[[ MATERIAL FOR THE TASK open ]]
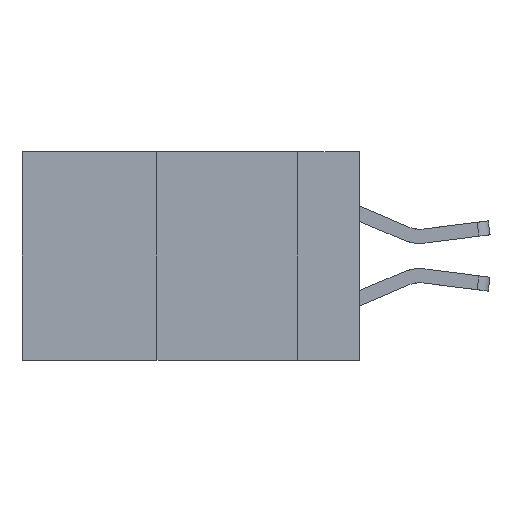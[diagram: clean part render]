
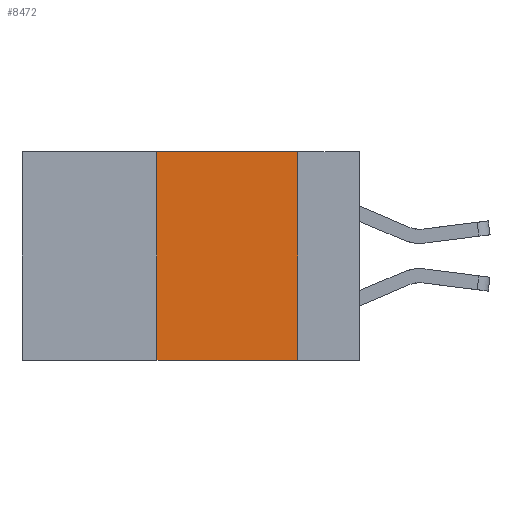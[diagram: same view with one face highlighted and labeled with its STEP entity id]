
A CAD part, left-side view. The second image highlights one B-rep face of the part: STEP entity #8472.
In plain terms, the highlighted planar face has unit normal (-1, 0, 0).
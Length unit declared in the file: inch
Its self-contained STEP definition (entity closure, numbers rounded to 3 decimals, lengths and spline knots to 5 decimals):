
#332 = DIRECTION ( 'NONE',  ( 0., 0., 1. ) ) ;
#389 = DIRECTION ( 'NONE',  ( 0., 0., -1. ) ) ;
#1314 = EDGE_CURVE ( 'NONE', #3086, #7389, #4109, .T. ) ;
#1428 = ORIENTED_EDGE ( 'NONE', *, *, #9769, .F. ) ;
#1453 = VERTEX_POINT ( 'NONE', #2258 ) ;
#2258 = CARTESIAN_POINT ( 'NONE',  ( 0., 0.36, 0. ) ) ;
#2294 = LINE ( 'NONE', #9237, #9039 ) ;
#3086 = VERTEX_POINT ( 'NONE', #4853 ) ;
#3534 = EDGE_CURVE ( 'NONE', #3086, #1453, #8638, .T. ) ;
#3850 = ORIENTED_EDGE ( 'NONE', *, *, #1314, .T. ) ;
#3975 = DIRECTION ( 'NONE',  ( 0., -1., 0. ) ) ;
#4109 = LINE ( 'NONE', #9462, #5399 ) ;
#4118 = CARTESIAN_POINT ( 'NONE',  ( 0., 0.6, 0. ) ) ;
#4625 = DIRECTION ( 'NONE',  ( 0., 0., -1. ) ) ;
#4808 = CARTESIAN_POINT ( 'NONE',  ( 0., 0.11, -0.37 ) ) ;
#4853 = CARTESIAN_POINT ( 'NONE',  ( 0., 0.36, -0.37 ) ) ;
#4981 = LINE ( 'NONE', #5842, #8433 ) ;
#5399 = VECTOR ( 'NONE', #6715, 39.37008 ) ;
#5842 = CARTESIAN_POINT ( 'NONE',  ( 0., 0.6, 0. ) ) ;
#6715 = DIRECTION ( 'NONE',  ( 0., -1., 0. ) ) ;
#6769 = ORIENTED_EDGE ( 'NONE', *, *, #9704, .F. ) ;
#6993 = ORIENTED_EDGE ( 'NONE', *, *, #3534, .F. ) ;
#7389 = VERTEX_POINT ( 'NONE', #4808 ) ;
#8433 = VECTOR ( 'NONE', #3975, 39.37008 ) ;
#8457 = VERTEX_POINT ( 'NONE', #10079 ) ;
#8472 = ADVANCED_FACE ( 'NONE', ( #11332 ), #8593, .F. ) ;
#8576 = CARTESIAN_POINT ( 'NONE',  ( 0., 0.36, 0. ) ) ;
#8593 = PLANE ( 'NONE',  #8844 ) ;
#8638 = LINE ( 'NONE', #8576, #11670 ) ;
#8844 = AXIS2_PLACEMENT_3D ( 'NONE', #4118, #11323, #389 ) ;
#9039 = VECTOR ( 'NONE', #4625, 39.37008 ) ;
#9237 = CARTESIAN_POINT ( 'NONE',  ( 0., 0.11, 0. ) ) ;
#9462 = CARTESIAN_POINT ( 'NONE',  ( 0., 0.6, -0.37 ) ) ;
#9704 = EDGE_CURVE ( 'NONE', #8457, #7389, #2294, .T. ) ;
#9769 = EDGE_CURVE ( 'NONE', #1453, #8457, #4981, .T. ) ;
#10079 = CARTESIAN_POINT ( 'NONE',  ( 0., 0.11, 0. ) ) ;
#11323 = DIRECTION ( 'NONE',  ( 1., 0., 0. ) ) ;
#11332 = FACE_OUTER_BOUND ( 'NONE', #11376, .T. ) ;
#11376 = EDGE_LOOP ( 'NONE', ( #6769, #1428, #6993, #3850 ) ) ;
#11670 = VECTOR ( 'NONE', #332, 39.37008 ) ;
[[ MATERIAL FOR THE TASK closed ]]
» THE PROBLEM:
Your answer should consist of the lines from the line with "#9237 = CARTESIAN_POINT" to the line with "#11376 = EDGE_LOOP" above, repeated exactly, both ends included.

» TASK RESPONSE:
#9237 = CARTESIAN_POINT ( 'NONE',  ( 0., 0.11, 0. ) ) ;
#9462 = CARTESIAN_POINT ( 'NONE',  ( 0., 0.6, -0.37 ) ) ;
#9704 = EDGE_CURVE ( 'NONE', #8457, #7389, #2294, .T. ) ;
#9769 = EDGE_CURVE ( 'NONE', #1453, #8457, #4981, .T. ) ;
#10079 = CARTESIAN_POINT ( 'NONE',  ( 0., 0.11, 0. ) ) ;
#11323 = DIRECTION ( 'NONE',  ( 1., 0., 0. ) ) ;
#11332 = FACE_OUTER_BOUND ( 'NONE', #11376, .T. ) ;
#11376 = EDGE_LOOP ( 'NONE', ( #6769, #1428, #6993, #3850 ) ) ;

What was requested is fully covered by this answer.